REQUIRED ACTION. Your reply should consist of one number: how many lines below contain "ezdxf".

[Start of Attachment]

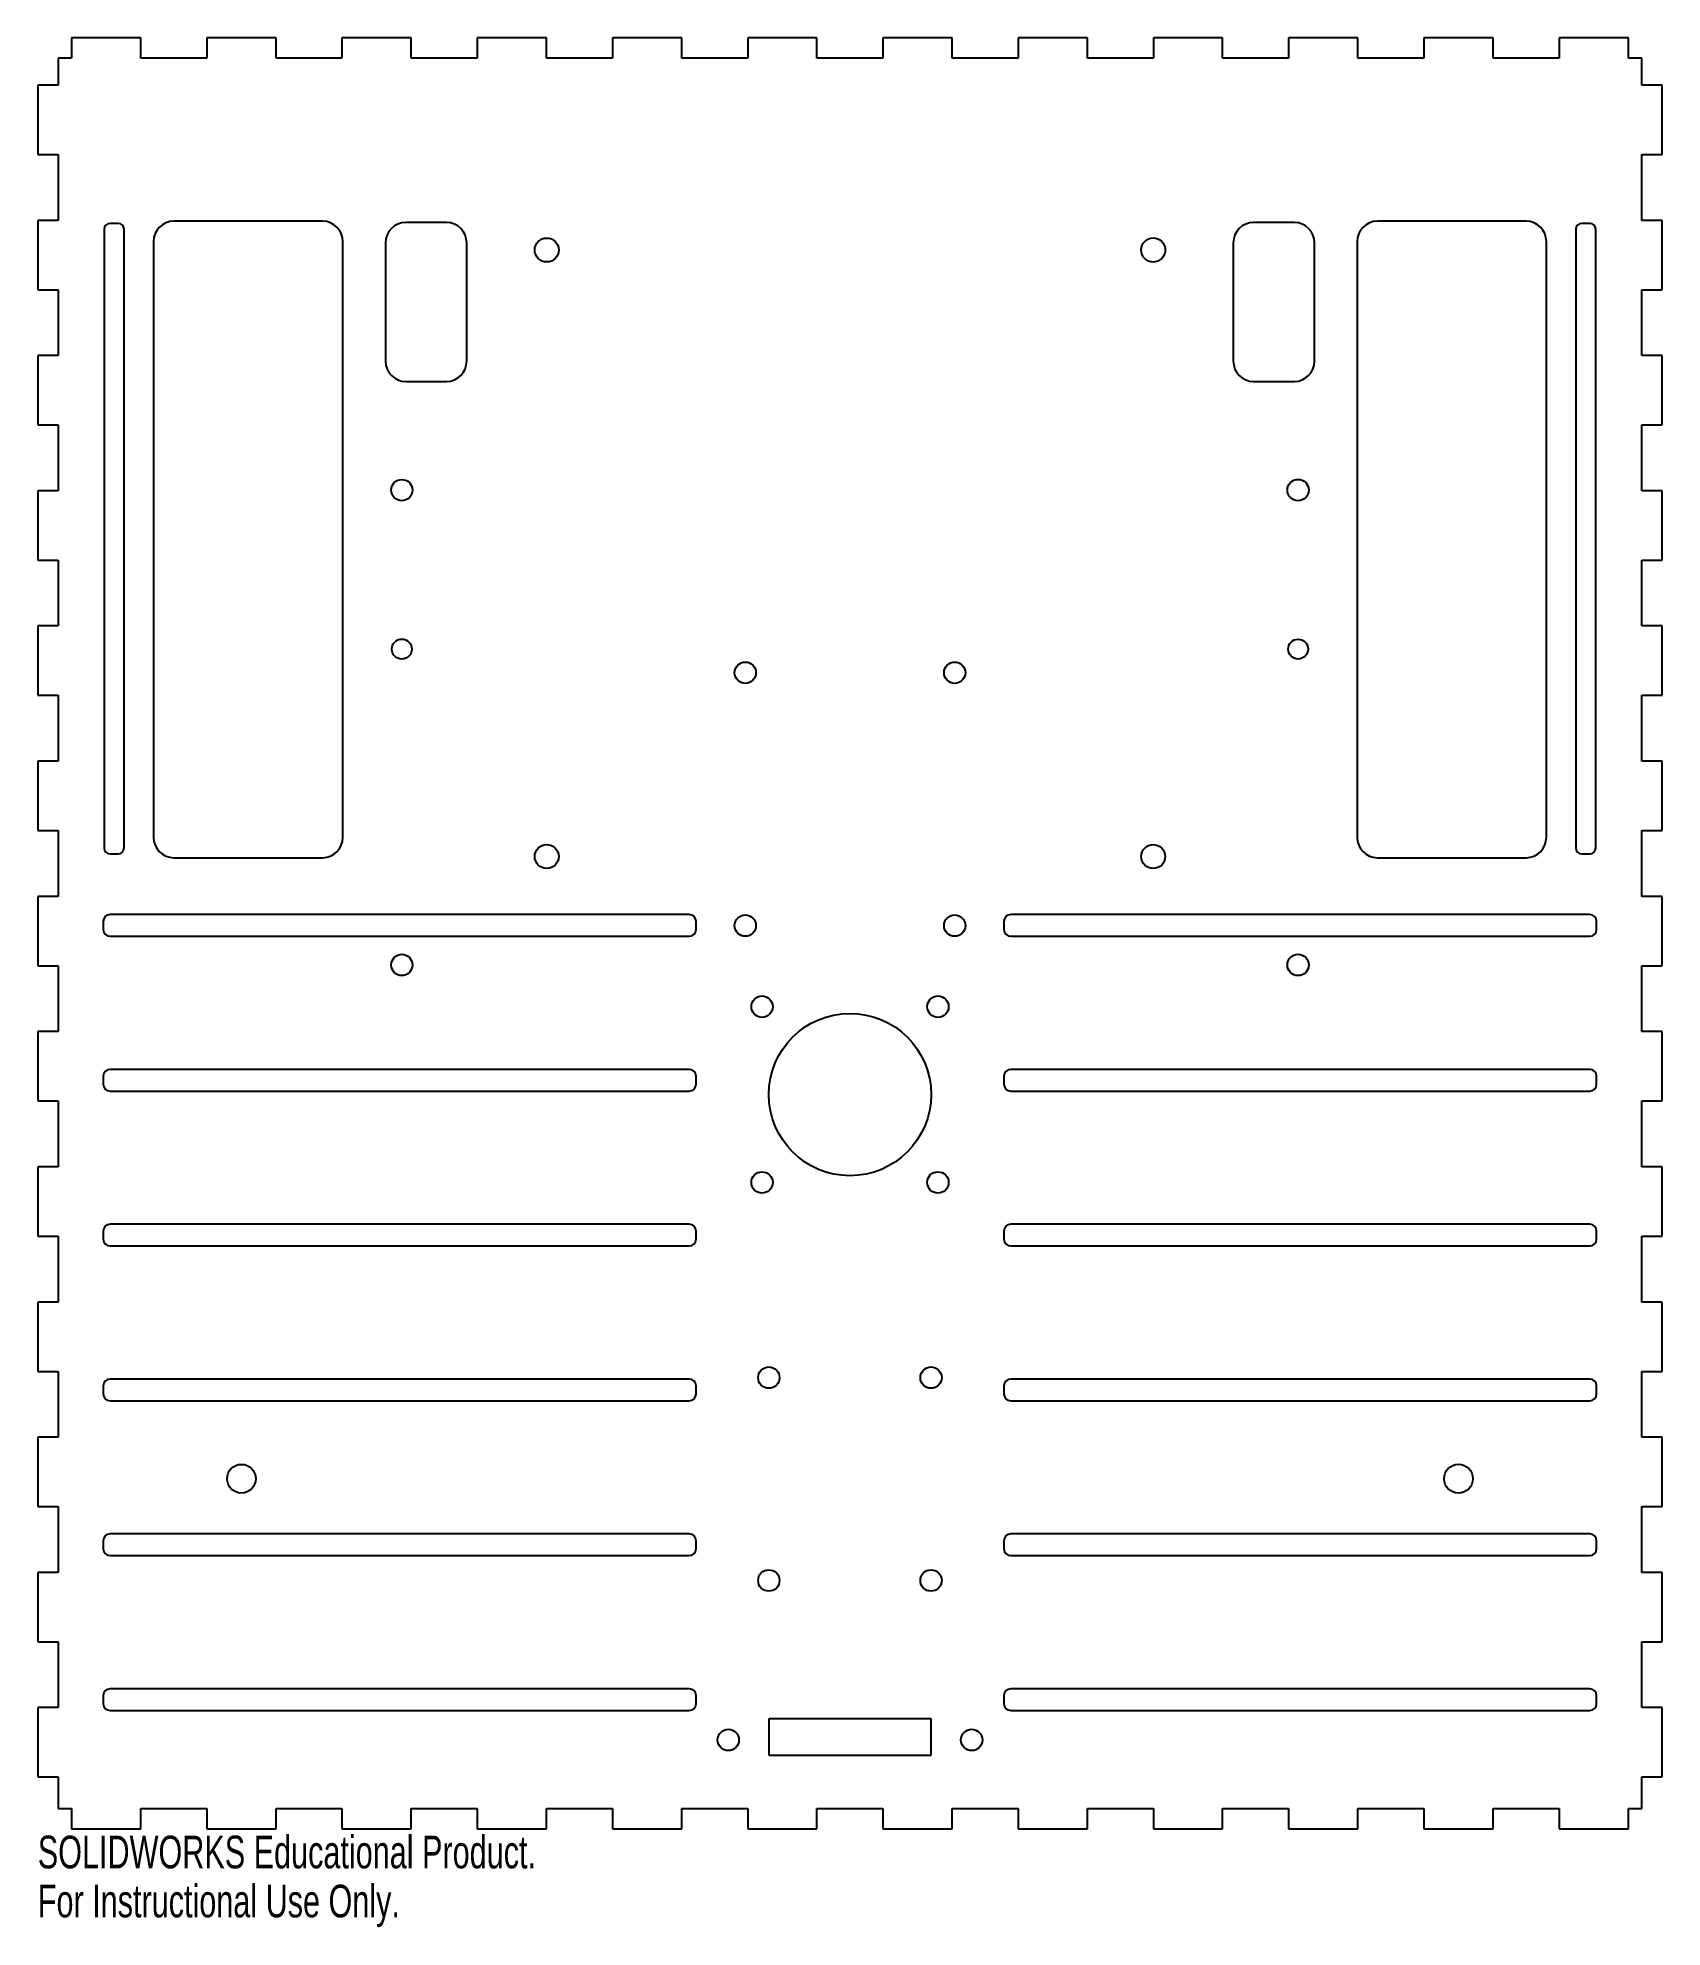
# Model space of a CAD drawing. Header units: millimetres. Extents: x -189 to 51, y -106 to 174.
import ezdxf

# ---------------------------------------------------------------- set-up
doc = ezdxf.new("R2010")
doc.units = ezdxf.units.MM
doc.styles.add('SLDTEXTSTYLE0', font='TXT', dxfattribs={"width": 0.7})

msp = doc.modelspace()

# ---------------------------------------------------------------- linework, layer by layer
at = {"color": 7, "linetype": 'Continuous', "lineweight": 25}
for p, q in [((-174.15, 173.51), (-184.4, 173.51)), ((-184.4, 173.51), (-184.4, 170.51)), ((-174.15, 170.51), (-174.15, 173.51)), ((-154.15, 173.51), (-164.4, 173.51)), ((-164.4, 173.51), (-164.4, 170.51)), ((-154.15, 170.51), (-154.15, 173.51)), ((-134.15, 173.51), (-144.4, 173.51)), ((-144.4, 173.51), (-144.4, 170.51)), ((-134.15, 170.51), (-134.15, 173.51)), ((-114.15, 173.51), (-124.4, 173.51)), ((-124.4, 173.51), (-124.4, 170.51)), ((-114.15, 170.51), (-114.15, 173.51)), ((-94.15, 173.51), (-104.4, 173.51)), ((-104.4, 173.51), (-104.4, 170.51)), ((-94.15, 170.51), (-94.15, 173.51)), ((-74.15, 173.51), (-84.4, 173.51)), ((-84.4, 173.51), (-84.4, 170.51)), ((-74.15, 170.51), (-74.15, 173.51)), ((-54.15, 173.51), (-64.4, 173.51)), ((-64.4, 173.51), (-64.4, 170.51)), ((-54.15, 170.51), (-54.15, 173.51)), ((-34.15, 173.51), (-44.4, 173.51)), ((-44.4, 173.51), (-44.4, 170.51)), ((-34.15, 170.51), (-34.15, 173.51)), ((-14.15, 173.51), (-24.4, 173.51)), ((-24.4, 173.51), (-24.4, 170.51)), ((-14.15, 170.51), (-14.15, 173.51)), ((5.85, 173.51), (-4.4, 173.51)), ((-4.4, 173.51), (-4.4, 170.51)), ((5.85, 170.51), (5.85, 173.51)), ((25.85, 173.51), (15.6, 173.51)), ((15.6, 173.51), (15.6, 170.51)), ((25.85, 170.51), (25.85, 173.51)), ((45.85, 173.51), (35.6, 173.51)), ((35.6, 173.51), (35.6, 170.51)), ((45.85, 170.51), (45.85, 173.51)), ((-184.4, 170.51), (-186.39, 170.51)), ((-186.39, 170.51), (-186.39, 166.51)), ((-164.4, 170.51), (-174.15, 170.51)), ((-144.4, 170.51), (-154.15, 170.51)), ((-124.4, 170.51), (-134.15, 170.51)), ((-104.4, 170.51), (-114.15, 170.51)), ((-84.4, 170.51), (-94.15, 170.51)), ((-64.4, 170.51), (-74.15, 170.51)), ((-44.4, 170.51), (-54.15, 170.51)), ((-24.4, 170.51), (-34.15, 170.51)), ((-4.4, 170.51), (-14.15, 170.51)), ((15.6, 170.51), (5.85, 170.51)), ((35.6, 170.51), (25.85, 170.51)), ((47.86, 170.51), (45.85, 170.51)), ((47.86, 166.51), (47.86, 170.51)), ((-186.39, 166.51), (-189.39, 166.51)), ((-189.39, 166.51), (-189.39, 156.26)), ((50.86, 166.51), (47.86, 166.51)), ((50.86, 156.26), (50.86, 166.51)), ((-189.39, 156.26), (-186.39, 156.26)), ((-186.39, 156.26), (-186.39, 146.51)), ((47.86, 146.51), (47.86, 156.26)), ((47.86, 156.26), (50.86, 156.26)), ((-186.39, 146.51), (-189.39, 146.51)), ((-189.39, 146.51), (-189.39, 136.26)), ((-177.5, 146.07), (-178.7, 146.07)), ((-147.27, 146.38), (-169.27, 146.38)), ((-128.95, 146.19), (-134.97, 146.19)), ((-3.56, 146.19), (-9.58, 146.19)), ((30.73, 146.38), (8.73, 146.38)), ((40.16, 146.07), (38.96, 146.07)), ((50.86, 146.51), (47.86, 146.51)), ((50.86, 136.26), (50.86, 146.51)), ((-179.57, 145.19), (-179.57, 53.71)), ((-176.62, 53.71), (-176.62, 145.19)), ((-172.27, 143.38), (-172.27, 55.26)), ((-144.27, 55.26), (-144.27, 143.38)), ((-137.97, 143.19), (-137.97, 125.69)), ((-125.95, 125.69), (-125.95, 143.19)), ((-12.58, 143.19), (-12.58, 125.69)), ((-0.56, 125.69), (-0.56, 143.19)), ((5.73, 143.38), (5.73, 55.26)), ((33.73, 55.26), (33.73, 143.38)), ((38.09, 145.19), (38.09, 53.71)), ((41.04, 53.71), (41.04, 145.19)), ((-189.39, 136.26), (-186.39, 136.26)), ((-186.39, 136.26), (-186.39, 126.52)), ((47.86, 126.52), (47.86, 136.26)), ((47.86, 136.26), (50.86, 136.26)), ((-186.39, 126.52), (-189.39, 126.52)), ((-189.39, 126.52), (-189.39, 116.27)), ((50.86, 126.52), (47.86, 126.52)), ((50.86, 116.27), (50.86, 126.52)), ((-134.97, 122.69), (-128.95, 122.69)), ((-9.58, 122.69), (-3.56, 122.69)), ((-189.39, 116.27), (-186.39, 116.27)), ((-186.39, 116.27), (-186.39, 106.52)), ((47.86, 106.52), (47.86, 116.27)), ((47.86, 116.27), (50.86, 116.27)), ((-186.39, 106.52), (-189.39, 106.52)), ((-189.39, 106.52), (-189.39, 96.27)), ((50.86, 106.52), (47.86, 106.52)), ((50.86, 96.27), (50.86, 106.52)), ((-189.39, 96.27), (-186.39, 96.27)), ((-186.39, 96.27), (-186.39, 86.53)), ((47.86, 86.53), (47.86, 96.27)), ((47.86, 96.27), (50.86, 96.27)), ((-186.39, 86.53), (-189.39, 86.53)), ((-189.39, 86.53), (-189.39, 76.28)), ((50.86, 86.53), (47.86, 86.53)), ((50.86, 76.28), (50.86, 86.53)), ((-189.39, 76.28), (-186.39, 76.28)), ((-186.39, 76.28), (-186.39, 66.53)), ((47.86, 66.53), (47.86, 76.28)), ((47.86, 76.28), (50.86, 76.28)), ((-186.39, 66.53), (-189.39, 66.53)), ((-189.39, 66.53), (-189.39, 56.28)), ((50.86, 66.53), (47.86, 66.53)), ((50.86, 56.28), (50.86, 66.53)), ((-189.39, 56.28), (-186.39, 56.28)), ((-186.39, 56.28), (-186.39, 46.54)), ((47.86, 46.54), (47.86, 56.28)), ((47.86, 56.28), (50.86, 56.28)), ((-178.7, 52.83), (-177.5, 52.83)), ((-169.27, 52.26), (-147.27, 52.26)), ((8.73, 52.26), (30.73, 52.26)), ((38.96, 52.83), (40.16, 52.83)), ((-186.39, 46.54), (-189.39, 46.54)), ((-189.39, 46.54), (-189.39, 36.29)), ((50.86, 46.54), (47.86, 46.54)), ((50.86, 36.29), (50.86, 46.54)), ((-179.7, 42.85), (-179.7, 41.65)), ((-93.03, 43.85), (-178.7, 43.85)), ((-92.03, 41.65), (-92.03, 42.85)), ((-46.5, 42.85), (-46.5, 41.65)), ((40.16, 43.85), (-45.5, 43.85)), ((41.16, 41.65), (41.16, 42.85)), ((-178.7, 40.65), (-93.03, 40.65)), ((-45.5, 40.65), (40.16, 40.65)), ((-189.39, 36.29), (-186.39, 36.29)), ((-186.39, 36.29), (-186.39, 26.54)), ((47.86, 26.54), (47.86, 36.29)), ((47.86, 36.29), (50.86, 36.29)), ((-186.39, 26.54), (-189.39, 26.54)), ((-189.39, 26.54), (-189.39, 16.29)), ((50.86, 26.54), (47.86, 26.54)), ((50.86, 16.29), (50.86, 26.54)), ((-179.7, 19.95), (-179.7, 18.75)), ((-93.03, 20.95), (-178.7, 20.95)), ((-92.03, 18.75), (-92.03, 19.95)), ((-46.5, 19.95), (-46.5, 18.75)), ((40.16, 20.95), (-45.5, 20.95)), ((41.16, 18.75), (41.16, 19.95)), ((-178.7, 17.75), (-93.03, 17.75)), ((-45.5, 17.75), (40.16, 17.75)), ((-189.39, 16.29), (-186.39, 16.29)), ((-186.39, 16.29), (-186.39, 6.55)), ((47.86, 6.55), (47.86, 16.29)), ((47.86, 16.29), (50.86, 16.29)), ((-186.39, 6.55), (-189.39, 6.55)), ((-189.39, 6.55), (-189.39, -3.7)), ((50.86, 6.55), (47.86, 6.55)), ((50.86, -3.7), (50.86, 6.55)), ((-93.03, -1.95), (-178.7, -1.95)), ((40.16, -1.95), (-45.5, -1.95)), ((-189.39, -3.7), (-186.39, -3.7)), ((-186.39, -3.7), (-186.39, -13.45)), ((-179.7, -2.95), (-179.7, -4.15)), ((-178.7, -5.15), (-93.03, -5.15)), ((-92.03, -4.15), (-92.03, -2.95)), ((-46.5, -2.95), (-46.5, -4.15)), ((-45.5, -5.15), (40.16, -5.15)), ((41.16, -4.15), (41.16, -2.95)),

[End of Attachment]

ANSWER TO THE EXERCISE. 3